We come to this conclusion willingly, because it would seem to be most inequitable that the representatives of an individual or of a corporation whose business has been wrongfully destroyed shall be denied all remedy because of the death or corporate dissolution of the party they represent.

The second question is more doubtful, but it was held in U. S. v. Daniel, 6 How. 11, 12 L. Ed. 323, an action against the executors of a sheriff for a false return, that .such a cause of action, being ex delicto, would not survive against executors, unless the decedent secured some benefit at the expense of the sufferer.

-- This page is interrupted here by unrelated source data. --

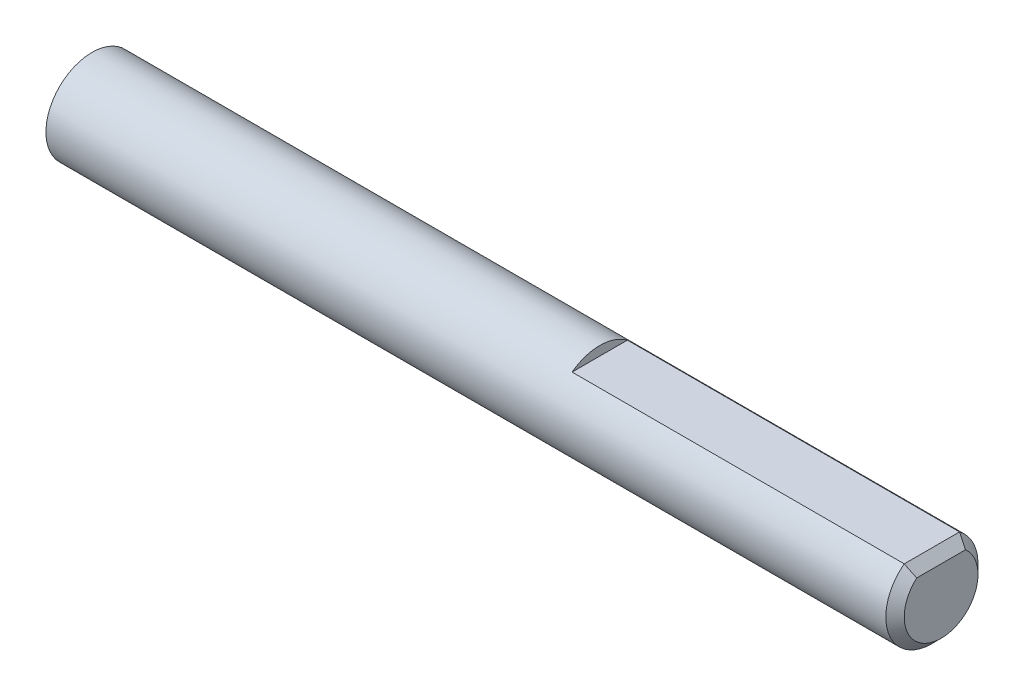
from build123d import *

# Parameters (mm, degrees)
SKETCH1_R           = 2.5
BOSS_EXTRUDE1_DEPTH = 46.04
SKETCH3_W           = 18.51
SKETCH3_H           = 3
CUT_EXTRUDE1_DEPTH  = 0.5
CHAMFER1_SIZE       = 0.5


with BuildPart() as part:
    # Sketch1 → Boss-Extrude1 (new body)
    with BuildSketch(Plane(origin=(0, 0, 0), x_dir=(0, 0, -1), z_dir=(1, 0, 0))):
        Circle(SKETCH1_R)
    extrude(amount=BOSS_EXTRUDE1_DEPTH)

    # Sketch3 → Cut-Extrude1 (cut)
    with BuildSketch(Plane(origin=(0, 2.5, 0), x_dir=(1, 0, 0), z_dir=(0, 1, 0))):
        with Locations((36.785, 0)):
            Rectangle(SKETCH3_W, SKETCH3_H)
    extrude(amount=-CUT_EXTRUDE1_DEPTH, mode=Mode.SUBTRACT)

    # Chamfer1
    chamfer1_edges = [part.edges().sort_by_distance(p)[0] for p in [
        (46.04, -2.236067977, 1.118033989),
        (46.04, 2, 0),
    ]]
    chamfer(chamfer1_edges, length=CHAMFER1_SIZE - 0.0001)  # a hair under: the kernel refuses the full size


solid = part.part

This exception will be a matter of proof, and is not a reason for striking the executors out as parties.

The judgment is reversed.

27 Sup. Ct. 65, 51 L. Ed. 241.






Concurrence Opinion

LEARNED HAND, District Judge.

I concur except that I think we should not review the earlier orders. Such orders as those making pleadings more definite and certain, or numbering the causes of action separately, or granting bill of particulars, should under no circumstances come before this court; they do not involve any final decision on.substantial rights and should be within the power of the court which prepares the cause for trial. An order striking out an allegation from a pleading may, however, go to the merits of the case, and in such a case should be reviewable. If, for example, in the case at bar, the third amended complaint had been sufficient, but only because of some allegation struck out in one of the prior orders, the correctness of so much of that order should be raised. However, the third amended complaint was sufficient as it stood, and it is not necessary to consider whether any allegations struck out earlier were material or not. If any of those allegations were erroneously stricken out, the plaintiff may still offer the proof on the trial, and take an exception to its exclusion. Such an exception will raise not only the technical validity of the order, but, what is much more important, whether the proof excluded was of enough consequence to affect the result; the question will come up like any other exception to the exclusion of evidence. As the case now comes up the orders striking out the allegations are moot, and should not be decided. The question whether by accepting the privilege of amendment conferred by the orders striking out, the plaintiff waived any rights to appeal, was not” urged upon the argument; it should not be decided, in my judgment.